- Born: December 31, 1968 (age 57)
- Education: University of North Carolina
- Awards: John Ware and Alvin Tarlov Career Achievement Prize (2015)
- Scientific career
- Fields: Psychometrics Public health Outcomes research
- Workplaces: University of North Carolina UNC Gillings School of Global Public Health UNC Lineberger Comprehensive Cancer Center
- Thesis: Item- and scale-level analysis of clinical and nonclinical sample responses to the MMPI-2 depression scales employing item response theory
- Doctoral advisor: David Thissen

= Bryce Reeve =

American psychometrician

Bryce Byrum Reeve III (born December 31, 1968) is an American psychometrician, outcomes research scientist, professor of Health Policy and Management at the UNC Gillings School of Global Public Health (with an adjunct appointment in the Department of Psychology and Neuroscience), and faculty expert at the UNC Lineberger Comprehensive Cancer Center. He is a prominent figure in quantitative research on improving the measurement of patient-reported health outcomes.

==Career==
A North Carolina native and graduate of Chapel Hill High School, Reeve earned a bachelor's degree with distinction from the University of North Carolina in 1994 and subsequently worked for several years as a statistical consultant in the Research Triangle area. He returned to UNC to complete a master's (1999) and PhD (2000) in the L. L. Thurstone Psychometric Laboratory under David Thissen. Reeve's doctoral dissertation used item response theory to analyze data from the Minnesota Multiphasic Personality Inventory.

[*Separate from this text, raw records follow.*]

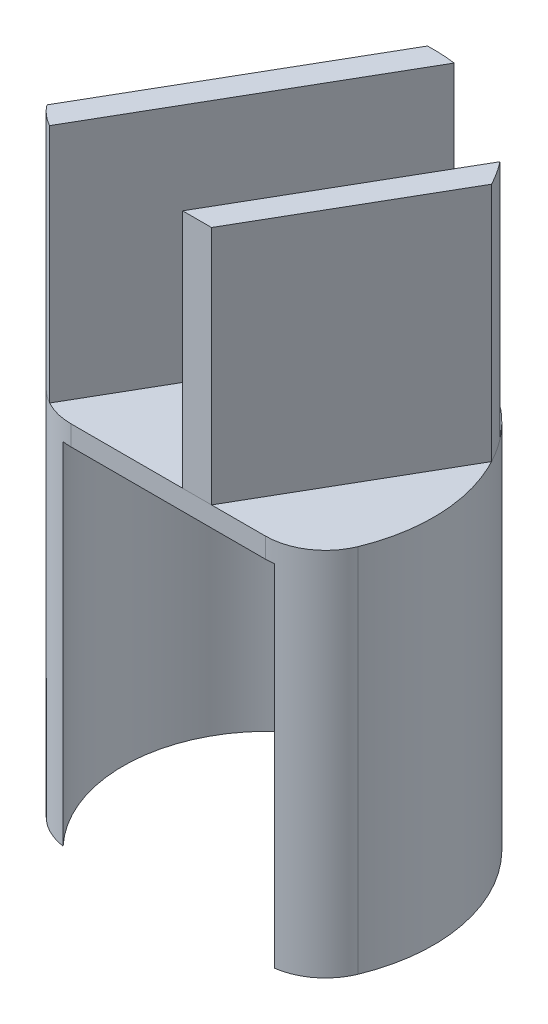
SolidWorks part; units mm, degrees
ref_plane "前视基准面" through (0, 0, 0) normal (0, 0, 1) x (1, 0, 0)
ref_plane "上视基准面" through (0, 0, 0) normal (0, 1, 0) x (1, 0, 0)
ref_plane "右视基准面" through (0, 0, 0) normal (1, 0, 0) x (0, 0, -1)
other "Configuration Table"
sketch "草图1" plane through (0, 0, 0) normal (0, 1, 0) x (1, 0, 0)
  circle A0 centre (0, 0) radius 14.5
  circle A1 centre (0, 0) radius 16.5
  dimension "D1" = 29
  dimension "D2" = 2
extrude "凸台-拉伸1" add sketch "草图1" along normal blind 35
sketch "草图3" plane through (0, 35, 0) normal (0, 1, 0) x (1, 0, 0)
  circle A1 centre (0, 0) radius 16.5
  circle A2 centre (0, 0) radius 16.5
  dimension "D1" = 0
extrude "凸台-拉伸2" add sketch "草图3" along normal blind 2
ref_plane "基准面1" through (0, 0, 10) normal (0, 0, 1) x (1, 0, 0)
sketch "草图4" plane through (0, 0, 10) normal (0, 0, 1) x (1, 0, 0)
  line L1 (-21.3332, 39.7218) -> (28.4145, 39.7218)
  line L2 (-21.3332, 39.7218) -> (-21.3332, -3.9689)
  line L3 (-21.3332, -3.9689) -> (28.4145, -3.9689)
  line L4 (28.4145, 39.7218) -> (28.4145, -3.9689)
extrude "切除-拉伸1" cut sketch "草图4" along normal through all
sketch "草图5" plane through (0, 37, 0) normal (0, 1, 0) x (1, 0, 0)
  circle A0 centre (0, 0) radius 3.75
  dimension "D1" = 7.5
extrude "切除-拉伸2" cut sketch "草图5" against normal up to next
fillet "圆角1" radius 6 2 edges at (13.1244, 18.5, 10) (-13.1244, 18.5, 10)
sketch "草图6" plane through (0, 37, 0) normal (0, 1, 0) x (1, 0, 0)
  line L0 (13.0479, 10.0996) -> (1.4434, -10)
  line L1 (-0.5833, 16.4897) -> (-14.4988, -7.6126)
  line L2 (-24.0688, -10) -> (24.0688, -10) construction
  line L3 (2.2226, 16.3496) -> (-12.5707, -9.2732)
  line L4 (14.5721, 7.7397) -> (4.3301, -10)
  line L5 (-9.7082, -10) -> (9.7082, -10) construction
  line L7 (-9.7082, -10) -> (9.7082, -10)
  line L8 (1.4434, -10) -> (4.3301, -10)
  circle A0 centre (0, 0) radius 6.25 construction
  arc A1 (-15.2558, -6.2857) -> (-9.7082, -10) centre (-9.7082, -4) ccw construction
  arc A2 (15.2558, -6.2857) -> (-15.2558, -6.2857) centre (0, 0) ccw construction
  arc A3 (2.2226, 16.3496) -> (-0.5833, 16.4897) centre (0, 0) ccw
  arc A6 (15.2558, -6.2857) -> (-15.2558, -6.2857) centre (0, 0) ccw
  arc A7 (-15.2558, -6.2857) -> (-9.7082, -10) centre (-9.7082, -4) ccw
  arc A8 (9.7082, -10) -> (15.2558, -6.2857) centre (9.7082, -4) ccw
  arc A9 (14.5721, 7.7397) -> (13.0479, 10.0996) centre (0, 0) ccw
  arc A10 (-14.4988, -7.6126) -> (-12.5707, -9.2732) centre (-9.7082, -4) ccw
  point P11 (0, 0)
  point P22 (0, 0)
  point P23 (0, 0)
  point P24 (0, 0)
  point P25 (0, 0)
  point P26 (0, 0)
  dimension "D1" = 12.5
  dimension "D2" = 60
  dimension "D3" = 2.5
  dimension "D4" = 2.5
  dimension "D5" = 0
extrude "凸台-拉伸3" add sketch "草图6" along normal blind 24 separate body
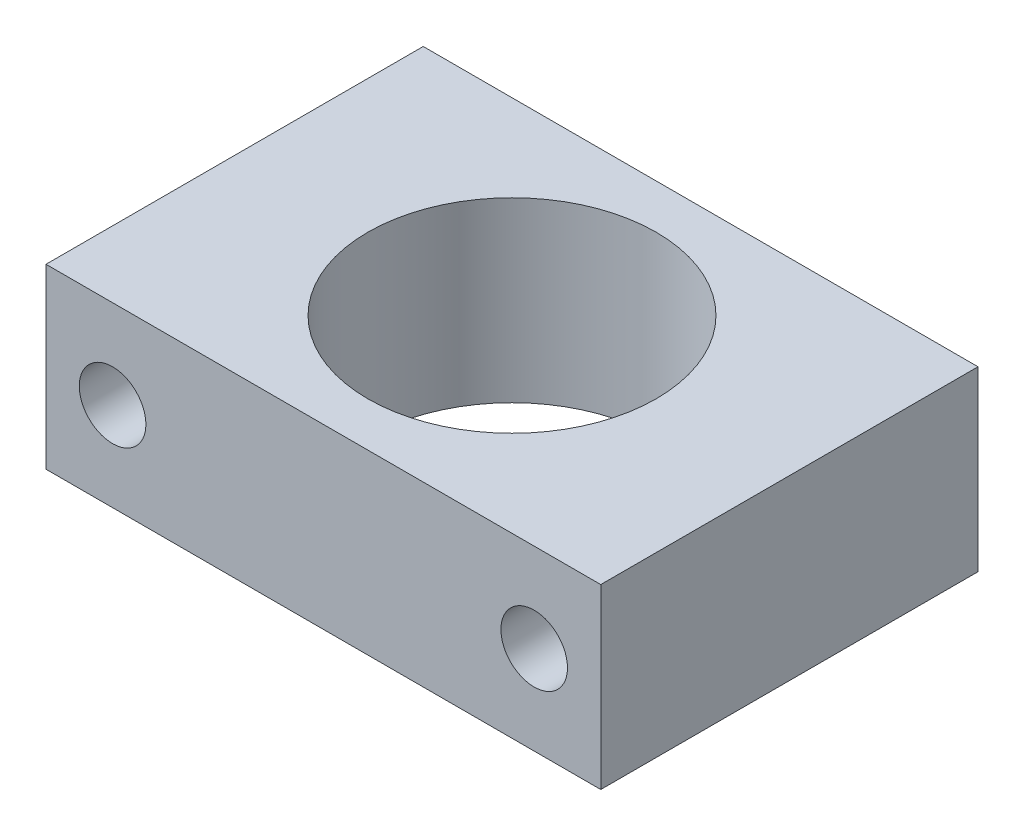
SolidWorks part; units mm, degrees
material "POM 乙缩醛共聚物"
ref_plane "前视基准面" through (0, 0, 0) normal (0, 0, 1) x (1, 0, 0)
ref_plane "上视基准面" through (0, 0, 0) normal (0, 1, 0) x (1, 0, 0)
ref_plane "右视基准面" through (0, 0, 0) normal (1, 0, 0) x (0, 0, -1)
sketch "草图1" plane through (0, 0, 0) normal (0, 1, 0) x (1, 0, 0)
  line L0 (0, 11.5657) -> (0, -7.1804) construction
  line L1 (-12.5, 8.5) -> (12.5, 8.5)
  line L2 (-12.5, 8.5) -> (-12.5, -8.5)
  line L3 (-12.5, -8.5) -> (12.5, -8.5)
  line L4 (12.5, 8.5) -> (12.5, -8.5)
  line L5 (-12.5, 8.5) -> (12.5, -8.5) construction
  line L6 (-12.5, -8.5) -> (12.5, 8.5) construction
  circle A1 centre (0, 0) radius 6.5
  dimension "D1" = 13
  dimension "D2" = 25
  dimension "D3" = 17
  dimension "D4" = 8.5
extrude "凸台-拉伸1" add sketch "草图1" along normal mid plane 8
sketch "草图2" plane through (0, 0, -8.5) normal (0, 0, -1) x (-1, 0, 0)
  line L0 (12.5, 0) -> (-12.5, 0) construction
  line L1 (12.5, 4) -> (12.5, -4) construction
  line L2 (-12.5, 4) -> (-12.5, -4) construction
  line L3 (0, -11.5013) -> (0, 14.7226) construction
  circle A0 centre (9.5, 0) radius 1.5
  circle A1 centre (-9.5, 0) radius 1.5
  dimension "D1" = 3
  dimension "D2" = 19
extrude "切除-拉伸1" cut sketch "草图2" against normal through all

Upon earning his PhD, Reeve worked as a psychometrician and Program Director at the National Cancer Institute. He joined the UNC Gillings School of Global Public Health faculty in 2010, earning tenure four years later. He is currently Full Professor in the Department of Health Policy and Management; Research Fellow at the Cecil G. Sheps Center for Health Services Research; and Adjunct Associate Professor of Quantitative Psychology in the Department of Psychology and Neuroscience.

His record of extramural service includes advisory roles and board memberships with government agencies, nonprofit organizations, and private companies (e.g., PatientsLikeMe) dedicated to patient-centered care and health-related quality of life.

==Research==
Reeve has been a principal investigator on numerous grants from the National Institutes of Health, the Patient-Centered Outcomes Research Institute, and others. He leads the Patient-Reported Outcomes Measurement Information System research site at the University of North Carolina. He has published hundreds of peer-reviewed journal articles on public health and patient-reported outcomes in addition to nearly one dozen books or book chapters and nearly a hundred abstracts and presentations at scholarly conferences. His work is known for statistical and psychometric rigor, particularly with respect to the application of item response theory to questionnaire design and analysis.

He has received six Awards of Merit from the NIH and, in 2015, received the John Ware and Alvin Tarlov Career Achievement Prize, a major international award for research in patient-reported outcomes.